> _YOUR OBJECTIVE_
Please copy the data below exactly, from its first line through the line holding "#33=ORIENTED_EDGE('',*,*,#32,.T.);", and skip the pictures.

> _EXERCISE DATA_
§ §

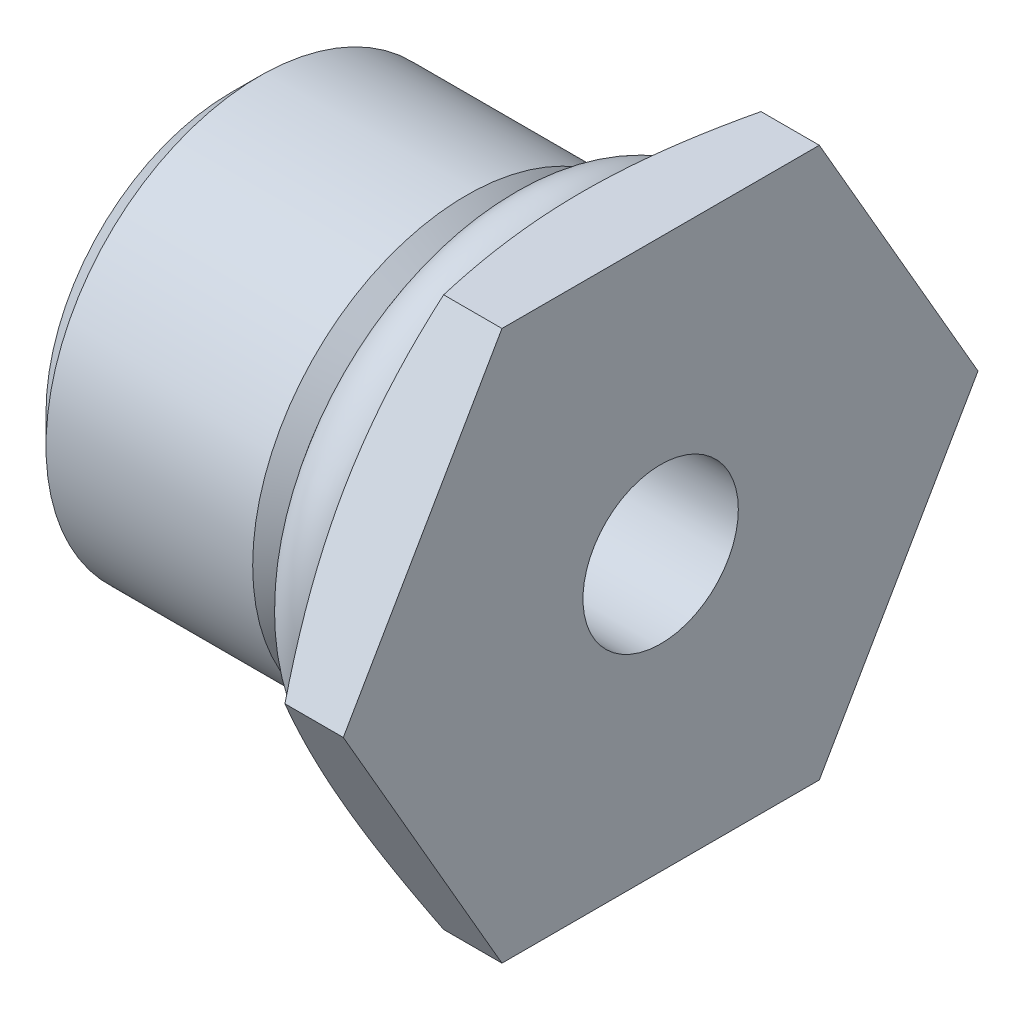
ISO-10303-21;
HEADER;
FILE_DESCRIPTION(('STEP AP214'),'2;1');
FILE_NAME('part.step','',(''),(''),'','','');
FILE_SCHEMA(('AUTOMOTIVE_DESIGN { 1 0 10303 214 1 1 1 1 }'));
ENDSEC;
DATA;
#1=APPLICATION_CONTEXT('core data for automotive mechanical design processes');
#2=APPLICATION_PROTOCOL_DEFINITION('international standard','automotive_design',2000,#1);
#3=PRODUCT_CONTEXT('',#1,'mechanical');
#4=PRODUCT('Part','Part','',(#3));
#5=PRODUCT_RELATED_PRODUCT_CATEGORY('part','',(#4));
#6=PRODUCT_DEFINITION_FORMATION('','',#4);
#7=PRODUCT_DEFINITION_CONTEXT('part definition',#1,'design');
#8=PRODUCT_DEFINITION('design','',#6,#7);
#9=PRODUCT_DEFINITION_SHAPE('','',#8);
#10=(LENGTH_UNIT() NAMED_UNIT(*) SI_UNIT(.MILLI.,.METRE.));
#11=(NAMED_UNIT(*) PLANE_ANGLE_UNIT() SI_UNIT($,.RADIAN.));
#12=(NAMED_UNIT(*) SI_UNIT($,.STERADIAN.) SOLID_ANGLE_UNIT());
#13=UNCERTAINTY_MEASURE_WITH_UNIT(LENGTH_MEASURE(1.E-05),#10,'distance_accuracy_value','');
#14=(GEOMETRIC_REPRESENTATION_CONTEXT(3) GLOBAL_UNCERTAINTY_ASSIGNED_CONTEXT((#13)) GLOBAL_UNIT_ASSIGNED_CONTEXT((#10,
#11,#12)) REPRESENTATION_CONTEXT('',''));
#15=CARTESIAN_POINT('',(0.,0.,0.));
#16=DIRECTION('',(0.,0.,1.));
#17=DIRECTION('',(1.,0.,0.));
#18=AXIS2_PLACEMENT_3D('',#15,#16,#17);
#19=CARTESIAN_POINT('',(11.176,7.14375,-8.2488919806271));
#20=DIRECTION('',(-1.,0.,0.));
#21=DIRECTION('',(0.,-1.,0.));
#22=AXIS2_PLACEMENT_3D('',#19,#20,#21);
#23=PLANE('',#22);
#24=DIRECTION('',(0.,-0.866025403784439,0.5));
#25=VECTOR('',#24,1.);
#26=CARTESIAN_POINT('',(11.176,0.,8.24889197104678));
#27=LINE('',#26,#25);
#28=CARTESIAN_POINT('',(11.176,7.14375,4.12444598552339));
#29=VERTEX_POINT('',#28);
#30=CARTESIAN_POINT('',(11.176,0.,8.24889197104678));
#31=VERTEX_POINT('',#30);
#32=EDGE_CURVE('P0_E98',#29,#31,#27,.T.);
#33=ORIENTED_EDGE('',*,*,#32,.T.);
#34=DIRECTION('',(0.,-0.866025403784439,-0.5));
#35=VECTOR('',#34,1.);
#36=CARTESIAN_POINT('',(11.176,-7.14375,4.12444598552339));
#37=LINE('',#36,#35);
#38=CARTESIAN_POINT('',(11.176,-7.14374999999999,4.12444598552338));
#39=VERTEX_POINT('',#38);
#40=EDGE_CURVE('P0_E120',#31,#39,#37,.T.);
#41=ORIENTED_EDGE('',*,*,#40,.T.);
#42=DIRECTION('',(0.,0.,1.));
#43=VECTOR('',#42,1.);
#44=CARTESIAN_POINT('',(11.176,-7.14374999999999,-8.2488919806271));
#45=LINE('',#44,#43);
#46=CARTESIAN_POINT('',(11.176,-7.14374999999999,-4.12444598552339));
#47=VERTEX_POINT('',#46);
#48=EDGE_CURVE('P0_E360',#47,#39,#45,.T.);
#49=ORIENTED_EDGE('',*,*,#48,.F.);
#50=DIRECTION('',(0.,0.866025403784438,-0.500000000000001));
#51=VECTOR('',#50,1.);
#52=CARTESIAN_POINT('',(11.176,0.,-8.24889197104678));
#53=LINE('',#52,#51);
#54=CARTESIAN_POINT('',(11.176,0.,-8.24889197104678));
#55=VERTEX_POINT('',#54);
#56=EDGE_CURVE('P0_E53',#47,#55,#53,.T.);
#57=ORIENTED_EDGE('',*,*,#56,.T.);
#58=DIRECTION('',(0.,0.866025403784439,0.5));
#59=VECTOR('',#58,1.);
#60=CARTESIAN_POINT('',(11.176,7.14375,-4.1244459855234));
#61=LINE('',#60,#59);
#62=CARTESIAN_POINT('',(11.176,7.14375,-4.12444598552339));
#63=VERTEX_POINT('',#62);
#64=EDGE_CURVE('P0_E11',#55,#63,#61,.T.);
#65=ORIENTED_EDGE('',*,*,#64,.T.);
#66=DIRECTION('',(0.,0.,1.));
#67=VECTOR('',#66,1.);
#68=CARTESIAN_POINT('',(11.176,7.14375,-8.2488919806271));
#69=LINE('',#68,#67);
#70=EDGE_CURVE('P0_E317',#63,#29,#69,.T.);
#71=ORIENTED_EDGE('',*,*,#70,.T.);
#72=EDGE_LOOP('',(#33,#41,#49,#57,#65,#71));
#73=FACE_BOUND('',#72,.T.);
#74=CARTESIAN_POINT('',(11.176,0.,0.));
#75=DIRECTION('',(1.,0.,0.));
#76=DIRECTION('',(0.,0.,-1.));
#77=AXIS2_PLACEMENT_3D('',#74,#75,#76);
#78=CIRCLE('',#77,2.01929999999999);
#79=CARTESIAN_POINT('',(11.176,0.,-2.01929999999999));
#80=VERTEX_POINT('',#79);
#81=EDGE_CURVE('P0_E364',#80,#80,#78,.T.);
#82=ORIENTED_EDGE('',*,*,#81,.F.);
#83=EDGE_LOOP('',(#82));
#84=FACE_BOUND('',#83,.T.);
#85=ADVANCED_FACE('P0_F38',(#73,#84),#23,.F.);
#86=CARTESIAN_POINT('',(0.,0.,0.));
#87=DIRECTION('',(-1.,0.,0.));
#88=DIRECTION('',(0.,0.,1.));
#89=AXIS2_PLACEMENT_3D('',#86,#87,#88);
#90=CONICAL_SURFACE('',#89,2.88036000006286,1.02974425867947);
#91=CARTESIAN_POINT('',(0.517377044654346,0.,0.));
#92=DIRECTION('',(-1.,0.,0.));
#93=DIRECTION('',(0.,0.,1.));
#94=AXIS2_PLACEMENT_3D('',#91,#92,#93);
#95=CIRCLE('',#94,2.01929999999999);
#96=CARTESIAN_POINT('',(0.517377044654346,0.,2.01929999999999));
#97=VERTEX_POINT('',#96);
#98=EDGE_CURVE('P0_E42',#97,#97,#95,.F.);
#99=ORIENTED_EDGE('',*,*,#98,.T.);
#100=EDGE_LOOP('',(#99));
#101=FACE_BOUND('',#100,.T.);
#102=CARTESIAN_POINT('',(1.36620416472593E-10,0.,0.));
#103=DIRECTION('',(-1.,0.,0.));
#104=DIRECTION('',(0.,0.,1.));
#105=AXIS2_PLACEMENT_3D('',#102,#103,#104);
#106=CIRCLE('',#105,2.88035999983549);
#107=CARTESIAN_POINT('',(1.3661988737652E-10,0.,2.88035999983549));
#108=VERTEX_POINT('',#107);
#109=EDGE_CURVE('P0_E278',#108,#108,#106,.F.);
#110=ORIENTED_EDGE('',*,*,#109,.F.);
#111=EDGE_LOOP('',(#110));
#112=FACE_BOUND('',#111,.T.);
#113=ADVANCED_FACE('P0_F40',(#101,#112),#90,.F.);
#114=CARTESIAN_POINT('',(0.,0.,2.4003));
#115=DIRECTION('',(-1.,0.,0.));
#116=DIRECTION('',(0.,0.,1.));
#117=AXIS2_PLACEMENT_3D('',#114,#115,#116);
#118=PLANE('',#117);
#119=CARTESIAN_POINT('',(0.,0.,0.));
#120=DIRECTION('',(1.,0.,0.));
#121=DIRECTION('',(0.,0.,-1.));
#122=AXIS2_PLACEMENT_3D('',#119,#120,#121);
#123=CIRCLE('',#122,4.80060000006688);
#124=CARTESIAN_POINT('',(0.,0.,-4.80060000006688));
#125=VERTEX_POINT('',#124);
#126=EDGE_CURVE('P0_E275',#125,#125,#123,.T.);
#127=ORIENTED_EDGE('',*,*,#126,.F.);
#128=EDGE_LOOP('',(#127));
#129=FACE_BOUND('',#128,.T.);
#130=ORIENTED_EDGE('',*,*,#109,.T.);
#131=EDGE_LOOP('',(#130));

§ §

> _RESULT_
ISO-10303-21;
HEADER;
FILE_DESCRIPTION(('STEP AP214'),'2;1');
FILE_NAME('part.step','',(''),(''),'','','');
FILE_SCHEMA(('AUTOMOTIVE_DESIGN { 1 0 10303 214 1 1 1 1 }'));
ENDSEC;
DATA;
#1=APPLICATION_CONTEXT('core data for automotive mechanical design processes');
#2=APPLICATION_PROTOCOL_DEFINITION('international standard','automotive_design',2000,#1);
#3=PRODUCT_CONTEXT('',#1,'mechanical');
#4=PRODUCT('Part','Part','',(#3));
#5=PRODUCT_RELATED_PRODUCT_CATEGORY('part','',(#4));
#6=PRODUCT_DEFINITION_FORMATION('','',#4);
#7=PRODUCT_DEFINITION_CONTEXT('part definition',#1,'design');
#8=PRODUCT_DEFINITION('design','',#6,#7);
#9=PRODUCT_DEFINITION_SHAPE('','',#8);
#10=(LENGTH_UNIT() NAMED_UNIT(*) SI_UNIT(.MILLI.,.METRE.));
#11=(NAMED_UNIT(*) PLANE_ANGLE_UNIT() SI_UNIT($,.RADIAN.));
#12=(NAMED_UNIT(*) SI_UNIT($,.STERADIAN.) SOLID_ANGLE_UNIT());
#13=UNCERTAINTY_MEASURE_WITH_UNIT(LENGTH_MEASURE(1.E-05),#10,'distance_accuracy_value','');
#14=(GEOMETRIC_REPRESENTATION_CONTEXT(3) GLOBAL_UNCERTAINTY_ASSIGNED_CONTEXT((#13)) GLOBAL_UNIT_ASSIGNED_CONTEXT((#10,
#11,#12)) REPRESENTATION_CONTEXT('',''));
#15=CARTESIAN_POINT('',(0.,0.,0.));
#16=DIRECTION('',(0.,0.,1.));
#17=DIRECTION('',(1.,0.,0.));
#18=AXIS2_PLACEMENT_3D('',#15,#16,#17);
#19=CARTESIAN_POINT('',(11.176,7.14375,-8.2488919806271));
#20=DIRECTION('',(-1.,0.,0.));
#21=DIRECTION('',(0.,-1.,0.));
#22=AXIS2_PLACEMENT_3D('',#19,#20,#21);
#23=PLANE('',#22);
#24=DIRECTION('',(0.,-0.866025403784439,0.5));
#25=VECTOR('',#24,1.);
#26=CARTESIAN_POINT('',(11.176,0.,8.24889197104678));
#27=LINE('',#26,#25);
#28=CARTESIAN_POINT('',(11.176,7.14375,4.12444598552339));
#29=VERTEX_POINT('',#28);
#30=CARTESIAN_POINT('',(11.176,0.,8.24889197104678));
#31=VERTEX_POINT('',#30);
#32=EDGE_CURVE('P0_E98',#29,#31,#27,.T.);
#33=ORIENTED_EDGE('',*,*,#32,.T.);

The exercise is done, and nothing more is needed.